我的演讲词是:你看,我从小就想当交警,一看到你们骑着摩托车的样子我就很崇拜,大学毕业的时候我也去考过交警的,结果身高不够、视力不够、体测不达标,现在交警是当不成了,只好买辆摩托车聊以自慰。我看,您就饶了我吧……

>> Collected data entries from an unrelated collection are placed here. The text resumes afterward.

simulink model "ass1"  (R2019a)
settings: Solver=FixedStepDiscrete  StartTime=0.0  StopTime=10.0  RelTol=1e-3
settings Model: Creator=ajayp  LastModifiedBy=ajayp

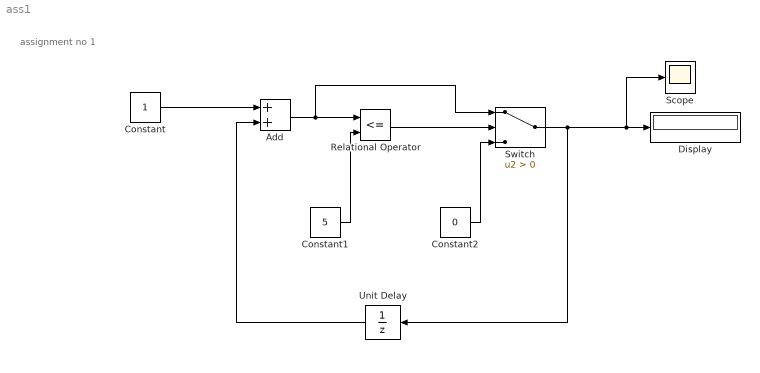
== system ass1 ==
  note: assignment no 1
  Add : Sum
  Constant : Constant
  Constant1 : Constant  Value=5
  Constant2 : Constant  Value=0
  Display : Display
  Relational Operator : RelationalOperator  Operator=<=  OutDataTypeStr=boolean  RndMeth=Simplest
  Scope : Scope
  Switch : Switch  Criteria=u2 > Threshold
  Unit Delay : UnitDelay  InitialCondition=-1  SampleTime=-1  HasFrameUpgradeWarning=on
  wires:
  Switch/1 -> Unit Delay/1, Scope/1, Display/1
  Relational Operator/1 -> Switch/2
  Add/1 -> Switch/1, Relational Operator/1
  Constant/1 -> Add/1
  Constant2/1 -> Switch/3
  Constant1/1 -> Relational Operator/2
  Unit Delay/1 -> Add/2

注:上周末和三水兄讨论125和250摩托的区别,我用表情和语气战胜了他,说两者的区别在于挂档方式,现在特此更正一下,区别在于排量。我错了。 11月26日 独乐及绍介兼声明此帖非更新博客,但有三个内容。 一,独乐。今天晚上实在无聊,于是在WORD里乱涂了一翻,又拿起两百块的破吉他乱弹了一气,最后居然作出了一首歌(鸟发鸟发型),歌词上面是吉他和弦,和弦标在哪个字上,就意味着第一拍落在哪个字上。好累啊!下次有机会一定唱给同志们听。忽然想起,以前写过几打英文歌曲,还曾经录下出过“地下”唱片,三水兄和阿黄兄都曾拿到。以前的英文朴素文气,现在的中文淫词满腔,如此一比,看来我大势已去矣。
Asses and Bubbies
Key=G 4/4
Am-G Am-G
姑娘哟姑娘
C G Am Em G D G
Asses and Bubbies
Am-G Am-G
姑娘哟姑娘
C G Bm D
在这肮脏的时代,你就变成了这样
Am-G Am-G
姑娘哟姑娘
C G Am Em
年轻则爱虚荣,年老则只爱钱
C G Am Em
或者爱刘德华,却不会爱一个“人”
Am-G Am-G
姑娘哟姑娘
C G Am Bm
你越精心打扮,越像一个消费品
C G Am Em
Asses and Bubbies
Am-G Am-G
是啊,是啊
C G Bm D
男人也爱你,但爱你什么呢?
C G Am Em GDG
Asses and Bubbies
C2 Am2 G D G
因为爱情已死,已变成了房子和婊子
Am-G Am-G
姑娘哟姑娘
C G Am Em
老男人一有钱,就有了一大堆
C G Am Em
而我要找的,是一个真正的姑娘
Am-G Am-G
姑娘哟姑娘
C G Am Em
在这肮脏的时代,你就变成了这样
C G BM D
改革得太久,也开放得太久
C G BM D
美好的东西已忘光光,
G D D G
Asses and Bubbies
二,绍介。前两天,一个平时十分老实,毕业于浙江大学外语学院的老朋友蓝天,给我邮箱发了三本PDF格式的英文书,其中一本名叫《神秘的方法》(The Mystery Method),作者是神秘先生(Mr Mystery),该书首先既有理论框架,又有作者的实践和经验介绍,既有参考文献,又有名词索引,而且专门教人泡妞妙法——老外搞学问就是兢兢业业(封面见下图)。我已经把该书列为重点“研究项目”,伺机申请浙江省教育厅常规项目课题。若要,我可以发给各位。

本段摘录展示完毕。